■ Dataset items
========================================

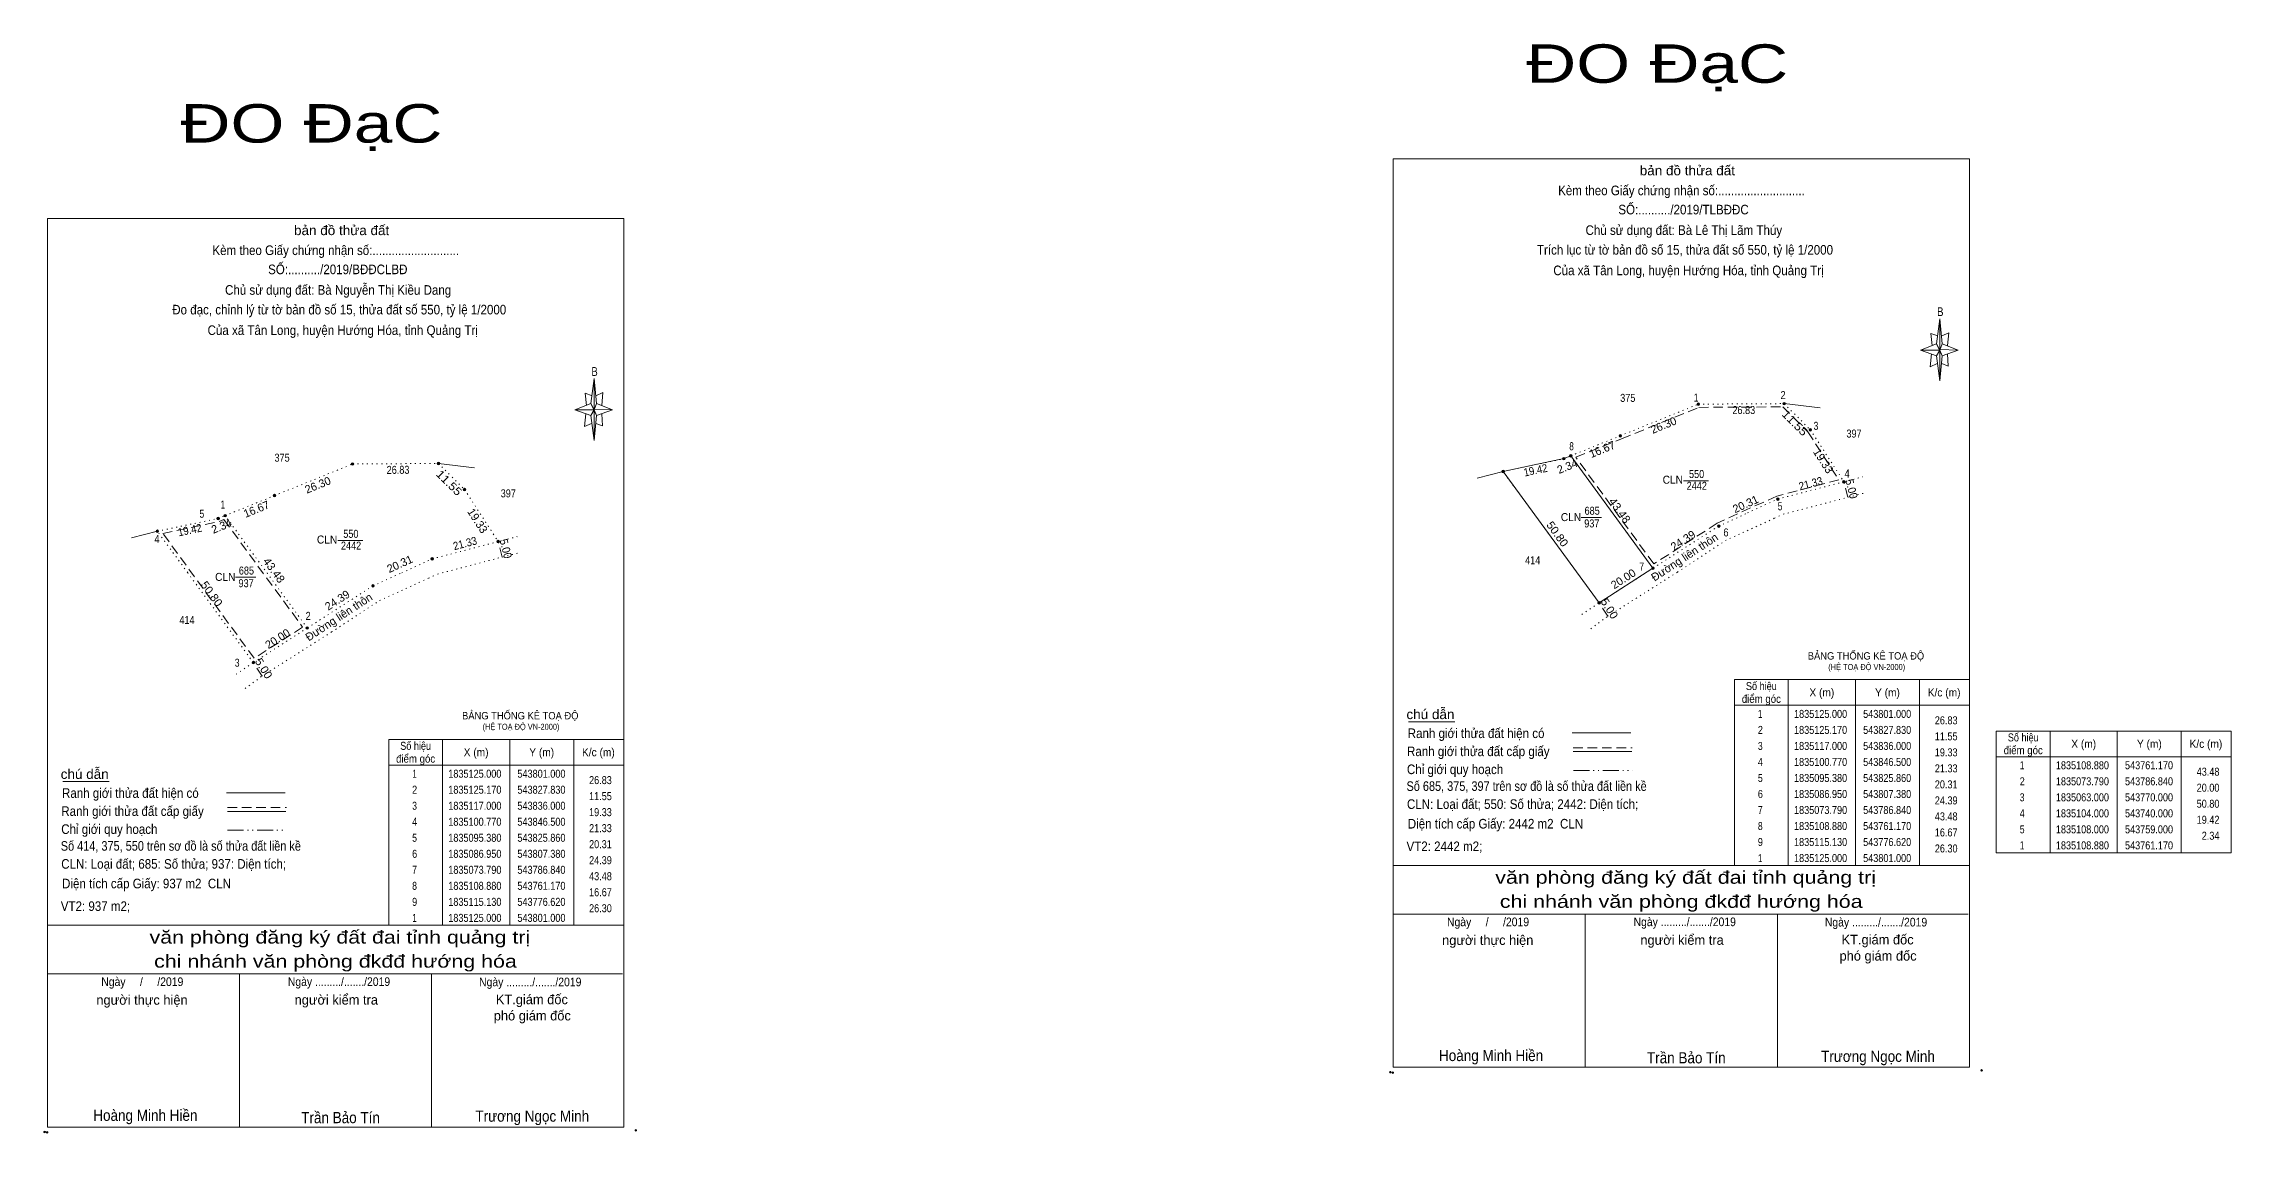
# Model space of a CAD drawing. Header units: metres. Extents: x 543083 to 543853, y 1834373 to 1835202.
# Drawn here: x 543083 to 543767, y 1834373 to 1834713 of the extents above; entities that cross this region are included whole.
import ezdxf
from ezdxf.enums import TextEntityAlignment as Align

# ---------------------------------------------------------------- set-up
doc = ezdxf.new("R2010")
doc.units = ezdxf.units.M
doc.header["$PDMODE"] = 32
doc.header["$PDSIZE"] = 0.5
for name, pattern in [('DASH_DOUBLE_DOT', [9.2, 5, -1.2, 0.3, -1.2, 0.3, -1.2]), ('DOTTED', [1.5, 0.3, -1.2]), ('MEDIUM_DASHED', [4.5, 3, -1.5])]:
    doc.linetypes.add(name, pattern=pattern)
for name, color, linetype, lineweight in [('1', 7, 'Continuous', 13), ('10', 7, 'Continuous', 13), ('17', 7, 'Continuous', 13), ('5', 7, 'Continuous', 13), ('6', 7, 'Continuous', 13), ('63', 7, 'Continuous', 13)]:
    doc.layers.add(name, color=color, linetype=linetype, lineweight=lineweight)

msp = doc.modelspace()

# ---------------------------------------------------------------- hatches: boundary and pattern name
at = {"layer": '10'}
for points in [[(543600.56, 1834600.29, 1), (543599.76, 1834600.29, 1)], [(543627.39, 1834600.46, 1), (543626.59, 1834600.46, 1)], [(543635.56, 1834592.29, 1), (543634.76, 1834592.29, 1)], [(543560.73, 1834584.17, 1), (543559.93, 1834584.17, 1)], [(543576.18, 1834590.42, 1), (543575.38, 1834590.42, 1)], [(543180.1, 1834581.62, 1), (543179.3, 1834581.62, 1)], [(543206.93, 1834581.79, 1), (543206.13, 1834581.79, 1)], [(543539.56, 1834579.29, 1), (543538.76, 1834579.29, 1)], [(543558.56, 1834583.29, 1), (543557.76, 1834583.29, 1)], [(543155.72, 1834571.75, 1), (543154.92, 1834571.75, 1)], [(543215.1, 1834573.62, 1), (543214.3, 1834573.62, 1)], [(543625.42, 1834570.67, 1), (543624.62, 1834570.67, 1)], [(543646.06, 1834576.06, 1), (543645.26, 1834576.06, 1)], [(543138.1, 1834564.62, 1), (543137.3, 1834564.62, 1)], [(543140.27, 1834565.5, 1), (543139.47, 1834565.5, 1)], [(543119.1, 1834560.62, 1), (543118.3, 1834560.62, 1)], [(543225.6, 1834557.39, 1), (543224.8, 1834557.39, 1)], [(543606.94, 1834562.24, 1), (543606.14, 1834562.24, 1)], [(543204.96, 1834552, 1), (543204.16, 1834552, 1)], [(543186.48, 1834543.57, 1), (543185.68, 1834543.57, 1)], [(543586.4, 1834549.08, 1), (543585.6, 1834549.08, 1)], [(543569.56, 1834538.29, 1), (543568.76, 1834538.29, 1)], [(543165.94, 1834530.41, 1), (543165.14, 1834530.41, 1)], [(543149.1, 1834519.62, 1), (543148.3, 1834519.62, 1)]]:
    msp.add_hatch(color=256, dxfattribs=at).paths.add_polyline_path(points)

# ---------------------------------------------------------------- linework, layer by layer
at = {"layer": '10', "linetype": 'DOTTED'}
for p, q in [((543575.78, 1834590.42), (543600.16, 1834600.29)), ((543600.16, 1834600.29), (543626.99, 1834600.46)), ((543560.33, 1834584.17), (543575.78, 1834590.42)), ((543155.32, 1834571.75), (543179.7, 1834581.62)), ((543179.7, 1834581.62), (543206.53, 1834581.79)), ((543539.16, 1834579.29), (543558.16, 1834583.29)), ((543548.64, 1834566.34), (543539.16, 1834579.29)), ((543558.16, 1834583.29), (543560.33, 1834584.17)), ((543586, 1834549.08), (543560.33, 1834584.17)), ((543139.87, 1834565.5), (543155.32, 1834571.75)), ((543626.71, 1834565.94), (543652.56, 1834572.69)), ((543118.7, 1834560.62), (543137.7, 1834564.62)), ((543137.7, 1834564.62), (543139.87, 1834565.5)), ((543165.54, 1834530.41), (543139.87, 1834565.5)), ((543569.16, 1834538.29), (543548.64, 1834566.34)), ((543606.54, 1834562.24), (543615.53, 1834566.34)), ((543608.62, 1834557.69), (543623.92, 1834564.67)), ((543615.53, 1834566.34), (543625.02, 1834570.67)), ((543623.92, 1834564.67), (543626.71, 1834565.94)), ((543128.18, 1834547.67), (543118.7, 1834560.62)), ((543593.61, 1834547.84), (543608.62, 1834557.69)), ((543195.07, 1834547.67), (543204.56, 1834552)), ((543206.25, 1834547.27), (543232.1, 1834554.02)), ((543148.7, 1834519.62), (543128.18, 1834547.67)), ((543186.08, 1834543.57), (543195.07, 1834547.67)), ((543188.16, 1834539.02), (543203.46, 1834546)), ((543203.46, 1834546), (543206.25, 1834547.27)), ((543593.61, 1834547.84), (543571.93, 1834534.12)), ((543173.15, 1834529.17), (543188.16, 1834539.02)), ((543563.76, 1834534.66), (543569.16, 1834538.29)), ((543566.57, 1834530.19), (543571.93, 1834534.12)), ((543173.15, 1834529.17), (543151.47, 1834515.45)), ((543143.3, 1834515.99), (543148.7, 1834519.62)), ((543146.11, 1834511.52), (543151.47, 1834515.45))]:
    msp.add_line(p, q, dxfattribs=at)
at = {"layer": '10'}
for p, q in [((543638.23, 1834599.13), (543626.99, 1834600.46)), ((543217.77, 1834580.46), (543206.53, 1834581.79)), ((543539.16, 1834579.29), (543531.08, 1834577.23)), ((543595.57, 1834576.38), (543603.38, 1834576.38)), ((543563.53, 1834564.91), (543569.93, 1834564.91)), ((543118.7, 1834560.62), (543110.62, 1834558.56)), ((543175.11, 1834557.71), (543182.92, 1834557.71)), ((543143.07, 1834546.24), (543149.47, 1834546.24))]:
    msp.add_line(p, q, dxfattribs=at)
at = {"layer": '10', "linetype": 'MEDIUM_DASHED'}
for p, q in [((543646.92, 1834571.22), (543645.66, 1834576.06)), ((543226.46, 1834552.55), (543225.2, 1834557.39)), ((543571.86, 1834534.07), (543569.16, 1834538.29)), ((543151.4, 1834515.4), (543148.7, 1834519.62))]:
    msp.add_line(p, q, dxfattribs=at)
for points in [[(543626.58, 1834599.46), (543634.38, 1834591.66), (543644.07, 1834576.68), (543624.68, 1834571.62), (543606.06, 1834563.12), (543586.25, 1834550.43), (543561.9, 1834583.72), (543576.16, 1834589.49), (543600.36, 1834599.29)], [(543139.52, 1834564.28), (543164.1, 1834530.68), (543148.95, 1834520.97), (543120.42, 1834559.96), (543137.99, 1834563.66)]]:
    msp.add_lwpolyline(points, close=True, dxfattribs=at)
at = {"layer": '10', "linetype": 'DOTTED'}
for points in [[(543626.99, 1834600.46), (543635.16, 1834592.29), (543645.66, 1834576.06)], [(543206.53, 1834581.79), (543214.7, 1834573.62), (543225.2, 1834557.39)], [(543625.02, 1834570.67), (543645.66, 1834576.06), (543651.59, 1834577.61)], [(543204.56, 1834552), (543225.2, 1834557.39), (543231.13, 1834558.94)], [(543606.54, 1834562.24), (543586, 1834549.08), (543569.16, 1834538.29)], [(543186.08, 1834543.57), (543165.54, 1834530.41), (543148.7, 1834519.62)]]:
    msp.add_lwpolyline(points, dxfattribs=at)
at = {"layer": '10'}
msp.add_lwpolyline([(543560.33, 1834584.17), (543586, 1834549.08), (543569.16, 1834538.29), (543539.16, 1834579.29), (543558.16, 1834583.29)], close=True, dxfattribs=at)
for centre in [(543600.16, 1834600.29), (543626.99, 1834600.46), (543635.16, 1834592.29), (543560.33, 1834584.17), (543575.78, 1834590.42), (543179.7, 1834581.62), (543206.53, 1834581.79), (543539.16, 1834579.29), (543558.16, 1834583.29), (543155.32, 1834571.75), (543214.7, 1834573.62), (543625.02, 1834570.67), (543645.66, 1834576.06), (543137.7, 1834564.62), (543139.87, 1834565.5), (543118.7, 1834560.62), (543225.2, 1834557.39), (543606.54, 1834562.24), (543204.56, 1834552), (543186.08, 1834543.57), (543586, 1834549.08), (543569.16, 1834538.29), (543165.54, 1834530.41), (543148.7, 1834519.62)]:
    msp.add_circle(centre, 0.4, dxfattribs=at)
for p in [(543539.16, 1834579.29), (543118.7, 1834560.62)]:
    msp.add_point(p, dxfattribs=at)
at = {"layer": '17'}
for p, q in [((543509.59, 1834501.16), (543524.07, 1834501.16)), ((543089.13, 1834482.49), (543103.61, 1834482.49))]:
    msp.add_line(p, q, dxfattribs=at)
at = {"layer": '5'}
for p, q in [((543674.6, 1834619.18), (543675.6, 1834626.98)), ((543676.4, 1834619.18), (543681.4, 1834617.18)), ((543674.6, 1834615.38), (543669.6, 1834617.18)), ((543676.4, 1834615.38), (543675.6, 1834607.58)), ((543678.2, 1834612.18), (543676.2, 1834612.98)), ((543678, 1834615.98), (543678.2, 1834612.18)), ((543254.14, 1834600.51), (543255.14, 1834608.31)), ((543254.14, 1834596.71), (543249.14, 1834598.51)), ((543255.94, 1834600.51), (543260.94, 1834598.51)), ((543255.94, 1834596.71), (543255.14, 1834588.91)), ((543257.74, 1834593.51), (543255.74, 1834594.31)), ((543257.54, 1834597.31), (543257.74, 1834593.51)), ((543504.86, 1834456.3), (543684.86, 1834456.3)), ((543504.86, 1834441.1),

========================================

■ Exercise brief
Provide only the count of lines in the records above that hold the word "pattern".

■ Exercise response
3